# Crabapples...what else can you do with them?



## moonwolf (Sep 20, 2004)

My crabapple trees are producing a bounty of rich, ripe fruit that I've already used in making some jelly and applesauces. I don't care much for spiced, canned crabapple rings and am wondering what other things could be made from crabapples in preserving them for the pantry and such.


----------



## moonwolf (Sep 20, 2004)

Well. I finally came up with another use of crabapples. 

Homemade Pectin. 

I picked a 13.5 lb. bucket of tart ripe crabapples and turned them into 2.5 gallons of useful Pecin to be used for future use making jams and/or jellies.


----------



## Head Roller (Sep 24, 2010)

Moonwolf - I am very interested in how you did that.. .I too have a massive and abundant crabapple tree... I have done 3 batches of jelly and butter, and have not even made a DENT in the supply that my daughter has picked, much less what is left on the tree.


----------



## debbiekatiesmom (Feb 24, 2009)

mary jane's farm magazine had a recipe for them in the oct/nov issue for just eating

spiced crab apples

1 lb crabapples
2 cups water
1 1/2 cups sugar, divided
20 whole cloves
5 allspice berries
1 cinnamon stick
1/4 tsp salt
2 tsp ground cinnamon

1. wash crabapples, but leave the stems intact and don't peel them.
2. place water in large pot. add crabapples, 1 cup sugar, cloves, allspice, cinnamon stick, and salt to pot and bring to a boil over high heat. reduce heat and simmer gently until apples are tender.
3. in a small bowl, mix together remaining 1/2 cup sugar and ground cinnamon.
4. drain liquid from crabapples and roll the apples in cinnamon/sugar mixture.
5. pick up by stems to eat.

(i wonder if they couldn't be dehydrated at this point after slicing them up?)


----------



## Head Roller (Sep 24, 2010)

debbiekatiesmom said:


> mary jane's farm magazine had a recipe for them in the oct/nov issue for just eating
> 
> spiced crab apples
> 
> ...


I have so many it may be worth it just to give this a go..... I also like the dehydrating idea... could be a tasty chewy treat. Thanks for the recipe!!


----------



## moonwolf (Sep 20, 2004)

To make apple pectin:

For each 2 lb. of apples add 4 cups of water and 2 tablespoons of lemon juice. Take the crabapples in the water and heat them until soft and add to your squeezo. Gather the liquid pulpy extract and boil it for 40 minutes. Then simply ladle into canning jars and process in a boiling water bath for 10 minutes. 

To use the pectin:
Add one cup per one cup of fruit to make jam. Add 3/4 cup of sugar to this. Then bring to a boil and cook about 15 minutes. Do a gel test, and then process in a boiling water bath for 10 minutes.


----------



## NostalgicGranny (Aug 22, 2007)

You can do anything you can do with apples with them.


----------



## Head Roller (Sep 24, 2010)

moonwolf said:


> To make apple pectin:
> 
> For each 2 lb. of apples add 4 cups of water and 2 tablespoons of lemon juice. Take the crabapples in the water and heat them until soft and add to your squeezo. Gather the liquid pulpy extract and boil it for 40 minutes. Then simply ladle into canning jars and process in a boiling water bath for 10 minutes.
> 
> ...


Thank You!! I am new to jelly making, and had my first disaster a few days ago.... I tried to make wild plum jelly... it did not gel. Admittedly, I am sure it is my fault as I did not realize that jelly recipes using SURE-JEL are so specific. I made the syrup part with less sugar and more plum pulp. I kept tasting it and it was SOO delicious I was very excited. I did to a gel test, using a cold plate, and it did do a bit of gel-ing at that point, so i finished it off. I now have 12 pints of delicious plum sauce.

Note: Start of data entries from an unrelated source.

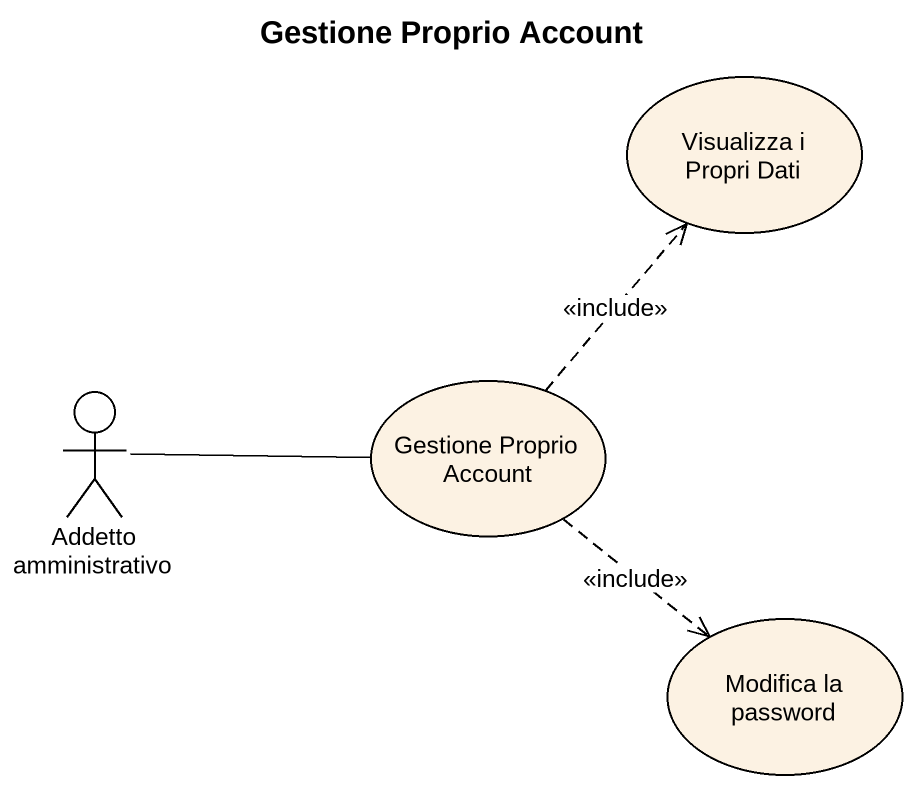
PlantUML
@startuml
title Gestione Proprio Account
usecase "Visualizza i Propri Dati" as Visualizza_i_Propri_Dati
actor "Addetto amministrativo" as Addetto_amministrativo
usecase "Gestione Proprio Account" as Gestione_Proprio_Account
usecase "Modifica la password" as Modifica_la_password
Addetto_amministrativo -right- Gestione_Proprio_Account
Gestione_Proprio_Account .up.> Visualizza_i_Propri_Dati : <<include>>
Gestione_Proprio_Account ..> Modifica_la_password : <<include>>
@enduml
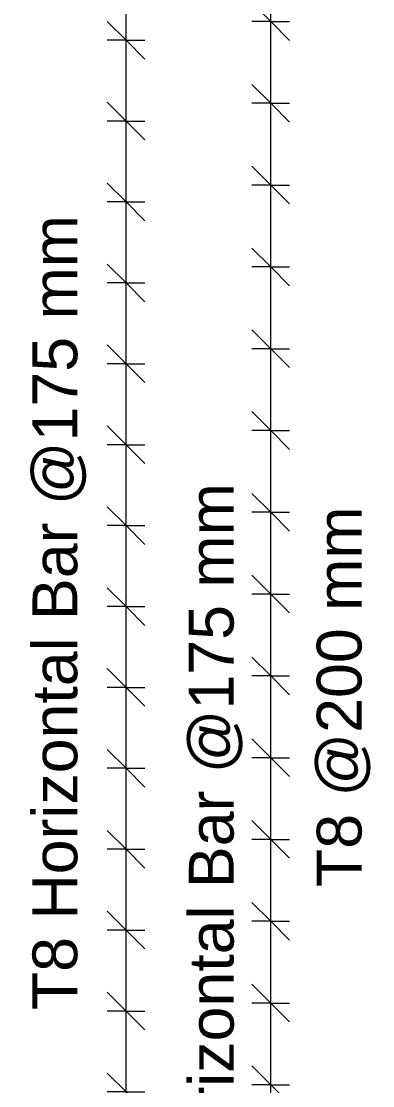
# Model space of a CAD drawing. Header units: millimetres. Extents: x 12473 to 23610, y -3081 to 6044.
# Drawn here: x 17806 to 18553, y 26 to 2286 of the extents above; entities that cross this region are included whole.
import ezdxf

# ---------------------------------------------------------------- set-up
doc = ezdxf.new("R2010")
doc.units = ezdxf.units.MM
for name, color, linetype, lineweight in [('A-ANNO-DIMS', 211, 'Continuous', 9), ('A-ANNO-DIMS-40', 211, 'Continuous', 9), ('S-RBAR-IDEN', 171, 'Continuous', 9)]:
    doc.layers.add(name, color=color, linetype=linetype, lineweight=lineweight)
doc.styles.add('Arial_1', font='arial.ttf', dxfattribs={"height": 95.25})
doc.styles.add('Nirmala UI Semilight', font='NirmalaS.ttf', dxfattribs={"width": 0.8, "height": 100})
doc.dimstyles.new('Arrow_Filled_-_2_5_NI_UI', dxfattribs={"dimscale": 304.8, "dimtxt": 104.736395, "dimasz": 0.262467, "dimexe": 0.131234, "dimexo": 0.0625, "dimgap": 0.131234, "dimtad": 1, "dimdec": 0, "dimzin": 0, "dimdsep": 46, "dimtxsty": 'Nirmala UI Semilight', "dimblk1": 'OBLIQUE', "dimblk2": 'OBLIQUE', "dimsah": 1, "dimcen": 0.09, "dimazin": 0, "dimtfac": 1, "dimtdec": 4, "dimtix": 1, "dimtmove": 0, "dimatfit": 3, "dimfxl": 0.131234, "dimfxlon": 1, "dimtvp": 1, "dimtolj": 1, "dimtzin": 0, "dimarcsym": 2})
doc.dimstyles.new('Arrow_Filled_-_2_5_NI_UI_1', dxfattribs={"dimscale": 304.8, "dimtxt": 104.736395, "dimasz": 0.262467, "dimexe": 0.131234, "dimexo": 0.0625, "dimgap": 0.131234, "dimtad": 1, "dimdec": 0, "dimzin": 0, "dimdsep": 46, "dimtxsty": 'Arial_1', "dimblk1": 'OBLIQUE', "dimblk2": 'OBLIQUE', "dimsah": 1, "dimcen": 0.09, "dimazin": 0, "dimtfac": 1, "dimtdec": 4, "dimtix": 1, "dimtmove": 0, "dimatfit": 3, "dimfxl": 0.131234, "dimfxlon": 1, "dimtvp": 1, "dimtolj": 1, "dimtzin": 0, "dimarcsym": 2})

# ---------------------------------------------------------------- blocks, each defined once
blk = doc.blocks.new('DIMBLOCK145-Elevation Front 1')
at = {"layer": 'A-ANNO-DIMS-40'}
for p, q in [((18029, 13.1), (17989, 53.1)), ((18029, 13.1), (17989, 13.1)), ((18029, -158.7), (18029, 13.1)), ((18029, 13.1), (18069, -26.9)), ((18029, 13.1), (18069, 13.1)), ((18029, -158.7), (17989, -118.7)), ((18029, -158.7), (17989, -158.7)), ((18029, -158.7), (18069, -198.7)), ((18029, -158.7), (18069, -158.7))]:
    blk.add_line(p, q, dxfattribs=at)
blk = doc.blocks.new('_Oblique')
at = {"color": 0, "linetype": 'ByBlock', "lineweight": -2}
blk.add_line((-0.5, -0.5), (0.5, 0.5), dxfattribs=at)
blk = doc.blocks.new('DIMBLOCK146-Elevation Front 1')
at = {"layer": 'A-ANNO-DIMS-40'}
for p, q in [((18029, 184.8), (17989, 224.8)), ((18029, 184.8), (17989, 184.8)), ((18029, 13.1), (18029, 184.8)), ((18029, 184.8), (18069, 144.8)), ((18029, 184.8), (18069, 184.8)), ((18029, 13.1), (17989, 53.1)), ((18029, 13.1), (17989, 13.1)), ((18029, 13.1), (18069, -26.9)), ((18029, 13.1), (18069, 13.1))]:
    blk.add_line(p, q, dxfattribs=at)
blk = doc.blocks.new('DIMBLOCK147-Elevation Front 1')
at = {"layer": 'A-ANNO-DIMS-40'}
for p, q in [((18029, 356.6), (17989, 396.6)), ((18029, 356.6), (17989, 356.6)), ((18029, 184.8), (18029, 356.6)), ((18029, 356.6), (18069, 316.6)), ((18029, 356.6), (18069, 356.6)), ((18029, 184.8), (17989, 224.8)), ((18029, 184.8), (17989, 184.8)), ((18029, 184.8), (18069, 144.8)), ((18029, 184.8), (18069, 184.8))]:
    blk.add_line(p, q, dxfattribs=at)
blk = doc.blocks.new('DIMBLOCK148-Elevation Front 1')
at = {"layer": 'A-ANNO-DIMS-40'}
for p, q in [((18029, 528.3), (17989, 568.3)), ((18029, 528.3), (17989, 528.3)), ((18029, 356.6), (18029, 528.3)), ((18029, 528.3), (18069, 488.3)), ((18029, 528.3), (18069, 528.3)), ((18029, 356.6), (17989, 396.6)), ((18029, 356.6), (17989, 356.6)), ((18029, 356.6), (18069, 316.6)), ((18029, 356.6), (18069, 356.6))]:
    blk.add_line(p, q, dxfattribs=at)
blk = doc.blocks.new('DIMBLOCK149-Elevation Front 1')
at = {"layer": 'A-ANNO-DIMS-40'}
for p, q in [((18029, 700.1), (17989, 740.1)), ((18029, 700.1), (17989, 700.1)), ((18029, 528.3), (18029, 700.1)), ((18029, 700.1), (18069, 660.1)), ((18029, 700.1), (18069, 700.1)), ((18029, 528.3), (17989, 568.3)), ((18029, 528.3), (17989, 528.3)), ((18029, 528.3), (18069, 488.3)), ((18029, 528.3), (18069, 528.3))]:
    blk.add_line(p, q, dxfattribs=at)
blk = doc.blocks.new('DIMBLOCK150-Elevation Front 1')
at = {"layer": 'A-ANNO-DIMS-40'}
for p, q in [((18029, 871.9), (17989, 911.9)), ((18029, 871.9), (17989, 871.9)), ((18029, 700.1), (18029, 871.9)), ((18029, 871.9), (18069, 831.9)), ((18029, 871.9), (18069, 871.9)), ((18029, 700.1), (17989, 740.1)), ((18029, 700.1), (17989, 700.1)), ((18029, 700.1), (18069, 660.1)), ((18029, 700.1), (18069, 700.1))]:
    blk.add_line(p, q, dxfattribs=at)
blk = doc.blocks.new('DIMBLOCK151-Elevation Front 1')
at = {"layer": 'A-ANNO-DIMS-40'}
for p, q in [((18029, 1043.6), (17989, 1083.6)), ((18029, 1043.6), (17989, 1043.6)), ((18029, 871.9), (18029, 1043.6)), ((18029, 1043.6), (18069, 1003.6)), ((18029, 1043.6), (18069, 1043.6)), ((18029, 871.9), (17989, 911.9)), ((18029, 871.9), (17989, 871.9)), ((18029, 871.9), (18069, 831.9)), ((18029, 871.9), (18069, 871.9))]:
    blk.add_line(p, q, dxfattribs=at)
blk = doc.blocks.new('DIMBLOCK152-Elevation Front 1')
at = {"layer": 'A-ANNO-DIMS-40'}
for p, q in [((18029, 1215.4), (17989, 1255.4)), ((18029, 1215.4), (17989, 1215.4)), ((18029, 1043.6), (18029, 1215.4)), ((18029, 1215.4), (18069, 1175.4)), ((18029, 1215.4), (18069, 1215.4)), ((18029, 1043.6), (17989, 1083.6)), ((18029, 1043.6), (17989, 1043.6)), ((18029, 1043.6), (18069, 1003.6)), ((18029, 1043.6), (18069, 1043.6))]:
    blk.add_line(p, q, dxfattribs=at)
blk = doc.blocks.new('DIMBLOCK153-Elevation Front 1')
at = {"layer": 'A-ANNO-DIMS-40'}
for p, q in [((18029, 1387.1), (17989, 1427.1)), ((18029, 1387.1), (17989, 1387.1)), ((18029, 1215.4), (18029, 1387.1)), ((18029, 1387.1), (18069, 1347.1)), ((18029, 1387.1), (18069, 1387.1)), ((18029, 1215.4), (17989, 1255.4)), ((18029, 1215.4), (17989, 1215.4)), ((18029, 1215.4), (18069, 1175.4)), ((18029, 1215.4), (18069, 1215.4))]:
    blk.add_line(p, q, dxfattribs=at)
blk = doc.blocks.new('DIMBLOCK154-Elevation Front 1')
at = {"layer": 'A-ANNO-DIMS-40'}
for p, q in [((18029, 1558.9), (17989, 1598.9)), ((18029, 1558.9), (17989, 1558.9)), ((18029, 1387.1), (18029, 1558.9)), ((18029, 1558.9), (18069, 1518.9)), ((18029, 1558.9), (18069, 1558.9)), ((18029, 1387.1), (17989, 1427.1)), ((18029, 1387.1), (17989, 1387.1)), ((18029, 1387.1), (18069, 1347.1)), ((18029, 1387.1), (18069, 1387.1))]:
    blk.add_line(p, q, dxfattribs=at)
blk = doc.blocks.new('DIMBLOCK155-Elevation Front 1')
at = {"layer": 'A-ANNO-DIMS-40'}
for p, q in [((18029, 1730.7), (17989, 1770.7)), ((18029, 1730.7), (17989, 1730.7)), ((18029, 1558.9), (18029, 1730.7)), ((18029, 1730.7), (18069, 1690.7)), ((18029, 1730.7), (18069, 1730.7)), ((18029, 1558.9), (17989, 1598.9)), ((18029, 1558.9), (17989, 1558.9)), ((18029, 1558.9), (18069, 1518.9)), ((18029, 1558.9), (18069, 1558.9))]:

I would like to try this again using pectin from my 1000 pounds of crabapples. Would you mind giving me a little more instruction on gel test, and what to do if the mix fails? Thank you!


----------



## PixieLou (May 1, 2010)

I wrote up a whole thing on making homemade pectin in the "What Did You Can Today?" thread. It is post #223.

Maybe this link will work

http://www.homesteadingtoday.com/showthread.php?p=4573737&highlight=pectin#post4573737


----------



## Head Roller (Sep 24, 2010)

Great post Pixie... thanks!


----------



## PixieLou (May 1, 2010)

I just realized I didn't include jamming instructions in my post on pectin making. 

You need 4-6 Tablespoons of pectin per cup of fruit/juice. 
Then you add an equal amount of sugar. (Remember to add sugar for the liquid pectin you add).
Boil fruit and pectin, add sugar, then cook until the jam passes the sheet test (or the frozen plate gel test).

Note - I have NOT made jam with my homemade pectin yet. I had pretty much finished my jam making for the year by the time I made the pectin.


----------



## moonwolf (Sep 20, 2004)

I forgot to mention, when making pectin, be sure to strain the pulp you get through a jelly bag or cheesecloth and save the liquid pectin. There will be some sediment, and if you want to make extra clear jelly, you'll want to strain again.


----------